Lebanon’s religious demographics are less homogenous than those of its neighbors. The Muslim population is split between Shia and Sunni, and a third is composed of Maronite Christians. Lebanon’s relationship to Islam, religion, and irreligion is thus characterized by this sectarian balancing act. To placate potential religious conflict, Lebanon uses a confessionalist system, which divides government positions between Christians, Sunnis and Shias. Among the 18 state-recognized religious groups, atheist or irreligious is not one of them. Laws against blasphemy exist in this context of protecting offenses between religions, more than towards irreligious or atheist people themselves. While the Lebanese constitution theoretically grants freedom of religion, blasphemy laws have been invoked, both between religious sects and against irreligious people.

History of Blasphemy & Apostasy Laws


Islam arrived during the 7th century AD, after the Muslim conquest of Syria. From 1516, until World War I, Lebanon was under Ottoman rule, after which it was governed under French mandate until the Syrian Revolt. Under Article 9 of the new Lebanese constitution, religious courts delegated personal matters.

Lebanon’s policies vis a vis religion are contextualized by its unique sectarian situation and the desire to preserve harmony. Religion is codified, in the executive branch, by the 1943 National Pact, stipulating that the president, prime minister, and speaker of parliament be Maronite Christian, Sunni Muslim, and Shia Muslim, respectively. Most Lebanese governmental positions are reserved based on religious affiliation; since atheism/irreligion is not legally recognized, atheist or irreligious citizens are limited in their ability to hold these positions. 

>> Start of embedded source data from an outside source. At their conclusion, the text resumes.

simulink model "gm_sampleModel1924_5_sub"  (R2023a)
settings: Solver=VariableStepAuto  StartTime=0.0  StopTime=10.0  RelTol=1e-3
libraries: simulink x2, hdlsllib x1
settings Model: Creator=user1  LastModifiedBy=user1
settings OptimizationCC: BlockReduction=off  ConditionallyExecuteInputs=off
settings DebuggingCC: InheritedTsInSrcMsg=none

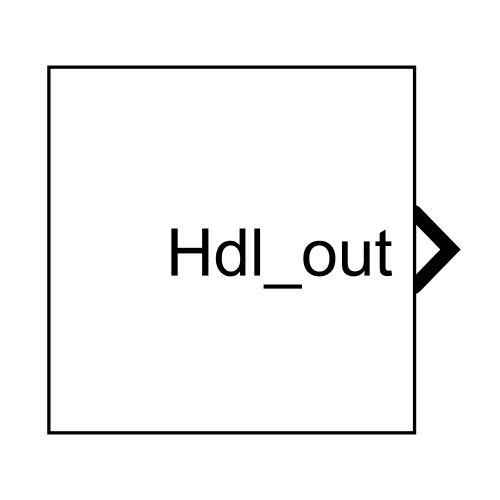
[thumbnail: Simulink's stored preview of the top-level diagram]
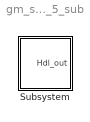
== system gm_sampleModel1924_5_sub ==
  Subsystem : Subsystem

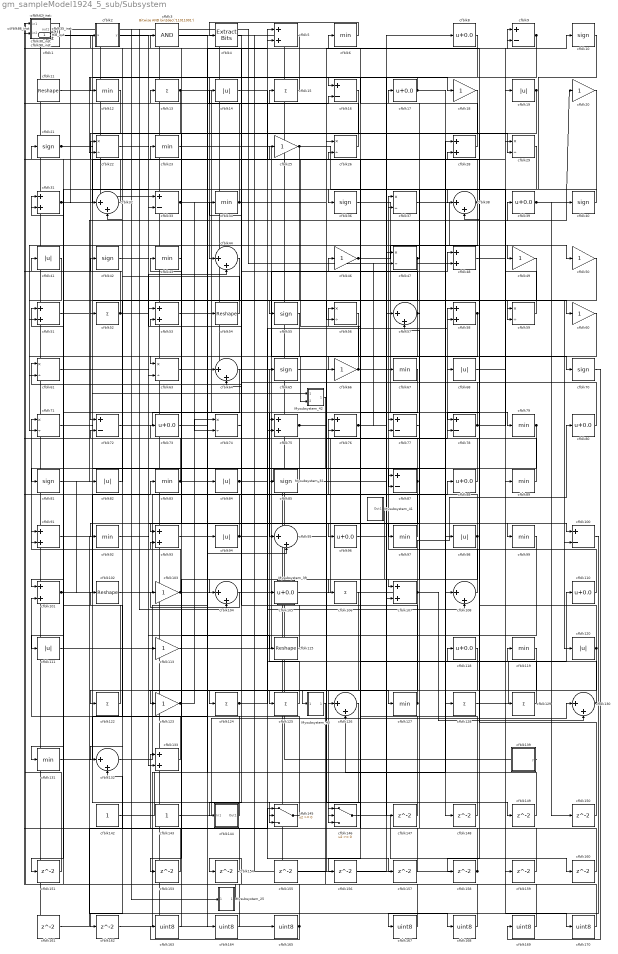
== system gm_sampleModel1924_5_sub/Subsystem ==
  Mysubsystem_25 : Subsystem
  Mysubsystem_32 : Subsystem
  Mysubsystem_39 : Subsystem
  Mysubsystem_40 : Subsystem
  Mysubsystem_41 : Subsystem
  Mysubsystem_42 : Subsystem
  cfblk1 : hdlsllib/Logic and Bit Operations/Interval Test  IntervalClosedRight=on  uplimit=0.5  IntervalClosedLeft=on  lowlimit=-0.5  OutDataTypeStr=uint8
  cfblk{10,21,36,40,42,55,65,70,81,85} (10 alike) : Signum
  cfblk{9,16,33,72,76..78,87,100} (9 alike) : Sum  Inputs=+-  OutDataTypeStr=uint8
  cfblk{5,28,31,48,51,53,58,75,91,93,101,107,133} (13 alike) : Sum  OutDataTypeStr=uint8
  cfblk{11,54,102,115} (4 alike) : Reshape
  cfblk{18,20,25,46,49..50,60,66,103,113,123} (11 alike) : Gain  OutDataTypeStr=uint8
  cfblk{32,38,44,57,64,95,104,108,126,130,132} (11 alike) : Sum  Inputs=|++  OutDataTypeStr=uint8
  cfblk{8,17,39,73,80,88,96,105,110,118} (10 alike) : Bias  Bias=0.0  SaturateOnIntegerOverflow=off
  cfblk{13,15,52,106,122,124..125,128..129} (9 alike) : Sum  Inputs=+  OutDataTypeStr=uint8
  cfblk109_inst : Subsystem
  cfblk{14,19,41,68,82,84,94,98,111,120} (10 alike) : Abs  OutDataTypeStr=uint8  SaturateOnIntegerOverflow=off
  cfblk{6,12,23,34,43,67,79,83,89,92,97,99,119,127,131} (15 alike) : MinMax  OutDataTypeStr=uint8
  cfblk121_inst : Subsystem
  cfblk139 : Subsystem  mask(Counter Free-Running){NumBits=double(16), tsamp=double(-1)}
      mask prompts: NumBits "Simulink:masks:NumberOfBits_MP"; tsamp "Simulink:masks:SampleTime_MP"
      mask help: Simulink:masks:CounterFreeRunning_MD
  cfblk142 : Constant  OutDataTypeStr=uint8  SampleTime=-1
  cfblk143 : Constant  OutDataTypeStr=uint8  SampleTime=-1
  cfblk144 : Subsystem
  cfblk145 : Switch  OutDataTypeStr=uint8  SaturateOnIntegerOverflow=off  InputSameDT=off
  cfblk146 : Switch  OutDataTypeStr=uint8  SaturateOnIntegerOverflow=off  InputSameDT=off
  cfblk{147..151,153..162} (15 alike) : Delay  SampleTime=1
  cfblk{163..165,167..170} (7 alike) : DataTypeConversion  OutDataTypeStr=uint8  SaturateOnIntegerOverflow=off  RndMeth=Floor
  cfblk2 : Subsystem  mask(Compare To Constant){relop=<=, const=double(3), OutDataTypeStr=uint8, ZeroCross=on}
      mask prompts: relop "Simulink:masks:Operator_MP"; const "Simulink:masks:ConstantValue_MP"; OutDataTypeStr "Simulink:masks:OutputDataType_MP"; ZeroCross "Simulink:masks:EnableZerocrossingDetection_MP"
      mask help: Simulink:masks:CompareToConstant_MD
      mask init:
      | OutDataTypeStr = 'uint8';
      | ZeroCross = 'on';
      | blkName = 'sampleModel1924_5_sub/Subsystem/cfblk2';
      | const = double(3);
      | const_str = '3.0';
      | const_val = double(3);
      | relop = '<=';
      | setValue = 'fixdt(0, 8)';
      | str = '<= 3';
      mask TypeOptions relop: == | ~= | < | <= | >= | >
      mask TypeOptions OutDataTypeStr: Simulink:masks:uint8 | Simulink:masks:boolean
      mask Callback ZeroCross: sl('zeroCrossEnable', gcbh);
      mask Display: disp(str)
  cfblk{22,26,29,37,47,56,59,61,63,71,74} (11 alike) : Product  Inputs=*/  OutDataTypeStr=uint8  RndMeth=Zero  SaturateOnIntegerOverflow=on
  cfblk27_inst : Subsystem
  cfblk3 : simulink/Logic and Bit Operations/Bitwise Operator  logicop=AND  UseBitMask=on  BitMask=bin2dec('11011001')  BitMaskRealWorld=Stored Integer
      settings: LibrarySourceBlock=|
      | hdlsllib/Logic and Bit
      | Operations/Bitwise
      | Operator
  cfblk30_inst : Subsystem
  cfblk35_inst : Subsystem
  cfblk4 : simulink/Logic and Bit Operations/Extract Bits  bitsToExtract=Upper half  numBits=8  bitIdxRange=[0 7]  outScalingMode=Preserve fixed-point scaling
      settings: LibrarySourceBlock=|
      | hdlsllib/Logic and Bit
      | Operations/Extract Bits
  cfblk62_inst : Subsystem
  cfblk86_inst : Subsystem
  cfblk90_inst : Subsystem
  Hdl_out : Outport  OutDataTypeStr=uint8  SampleTime=1
  wires:
  Mysubsystem_25/1(Out1) -> cfblk121_inst/1(in1)
  Mysubsystem_32/1(Out1) -> cfblk155/1
  Mysubsystem_39/1(Out1) -> cfblk130/2
  Mysubsystem_40/1(Out1) -> cfblk154/1
  Mysubsystem_41/1(Out1) -> cfblk104/1
  Mysubsystem_42/1(Out1) -> Mysubsystem_32/1(In1)
  cfblk1/1 -> cfblk145/3, cfblk29/2, cfblk18/1, Mysubsystem_42/1(In1)
  cfblk10/1 -> cfblk36/1
  cfblk100/1 -> cfblk167/1
  cfblk101/1 -> cfblk82/1, cfblk83/1
  cfblk102/1 -> cfblk76/1
  cfblk103/1 -> cfblk88/1, cfblk71/1, cfblk15/1
  cfblk104/1 -> cfblk103/1
  cfblk105/1 -> cfblk58/1
  cfblk106/1 -> cfblk122/1
  cfblk107/1 -> cfblk80/1, cfblk146/3
  cfblk108/1 -> cfblk37/1
  cfblk109_inst/1(out1) -> cfblk33/1
  cfblk11/1 -> cfblk33/2
  cfblk110/1 -> cfblk77/1
  cfblk111/1 -> cfblk16/2
  cfblk113/1 -> cfblk48/1
  cfblk115/1 -> cfblk53/2
  cfblk118/1 -> cfblk125/1
  cfblk119/1 -> cfblk162/1
  cfblk12/1 -> cfblk72/1
  cfblk120/1 -> cfblk62_inst/1(in1), cfblk156/1
  cfblk121_inst/1(out1) -> cfblk165/1
  cfblk122/1 -> cfblk51/1
  cfblk123/1 -> cfblk93/2, cfblk74/1
  cfblk124/1 -> cfblk58/2, cfblk119/1
  cfblk125/1 -> cfblk65/1
  cfblk126/1 -> cfblk145/2
  cfblk127/1 -> cfblk53/1, cfblk61/1
  cfblk128/1 -> cfblk110/1
  cfblk129/1 -> cfblk118/1
  cfblk13/1 -> cfblk95/1, cfblk52/1
  cfblk130/1 -> cfblk68/1, cfblk46/1
  cfblk131/1 -> cfblk84/1
  cfblk132/1 -> cfblk54/1
  cfblk133/1 -> cfblk102/1
  cfblk139/1(y) -> cfblk1/1
  cfblk14/1 -> cfblk157/1
  cfblk142/1 -> cfblk28/1
  cfblk143/1 -> cfblk130/1
  cfblk144/1(Out1) -> cfblk13/1
  cfblk145/1 -> cfblk101/2
  cfblk146/1 -> cfblk160/1
  cfblk147/1 -> cfblk75/1
  cfblk148/1 -> cfblk22/1
  cfblk149/1 -> cfblk126/2
  cfblk15/1 -> cfblk12/1
  cfblk150/1 -> cfblk38/2
  cfblk151/1 -> cfblk109_inst/2(in2)
  cfblk153/1 -> cfblk132/2
  cfblk154/1 -> cfblk133/1
  cfblk155/1 -> cfblk9/1
  cfblk156/1 -> cfblk78/2
  cfblk157/1 -> cfblk76/2
  cfblk158/1 -> cfblk57/2, Hdl_out/1
  cfblk159/1 -> cfblk86_inst/2(in2)
  cfblk16/1 -> cfblk124/1
  cfblk160/1 -> cfblk56/1
  cfblk161/1 -> cfblk145/1
  cfblk162/1 -> cfblk64/1
  cfblk163/1 -> cfblk3/1
  cfblk164/1 -> cfblk23/1
  cfblk165/1 -> cfblk163/1, cfblk43/1
  cfblk167/1 -> cfblk121_inst/2(in2)
  cfblk168/1 -> cfblk90_inst/1(in1)
  cfblk169/1 -> cfblk91/1
  cfblk17/1 -> cfblk16/1, cfblk59/2
  cfblk170/1 -> cfblk91/2
  cfblk18/1 -> cfblk133/2
  cfblk19/1 -> cfblk63/1, cfblk158/1
  cfblk2/1(y) -> cfblk115/1
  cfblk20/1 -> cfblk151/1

The country’s religious favoritism initially skewed Christian. Maronites were overtly favored by the Constitution, and between 1924 and 1926, reforms for Muslim equality and secular education were rejected under pressure from the Maronite Church. However, Islamization accelerated in Lebanon as in other Muslim countries following the 1979 Iranian revolution. Sectarian conflict culminated in a 15 year civil war and concluded with the 1989 Taif Agreement, demanding equal representation of Christians and Muslims in office.

Current Status

Lebanon’s “blasphemy laws'' are upheld by four articles of the penal code, established in 1943. Defined as offenses towards Christianity and Islam, blasphemy is punishable by a minimum of 3 years to a maximum of 6 years in prison according to artice 474. 

Article 473 criminalizes “blaspheming God publicly,” punishable by one month to one year. Article 474 punishes “contempt of religion” and “defaming religious rites” by up to three years imprisonment. Article 475 criminalizes the “distortion of religious rituals or ceremonies or religious drawings related to those rituals.” Article 317 criminalizes “writings and speech intended to provoke sectarian or racial strife or [to] encourage conflict between different religious sects” with up to 3 years.

In 2009, the requirement for citizens’ ID cards to list religious affiliation was removed. During an election campaign in March 2014, former President Michael Suleiman referenced his stance on irreligion: “Peace will defeat war. Faith will defeat fundamentalism and atheism.”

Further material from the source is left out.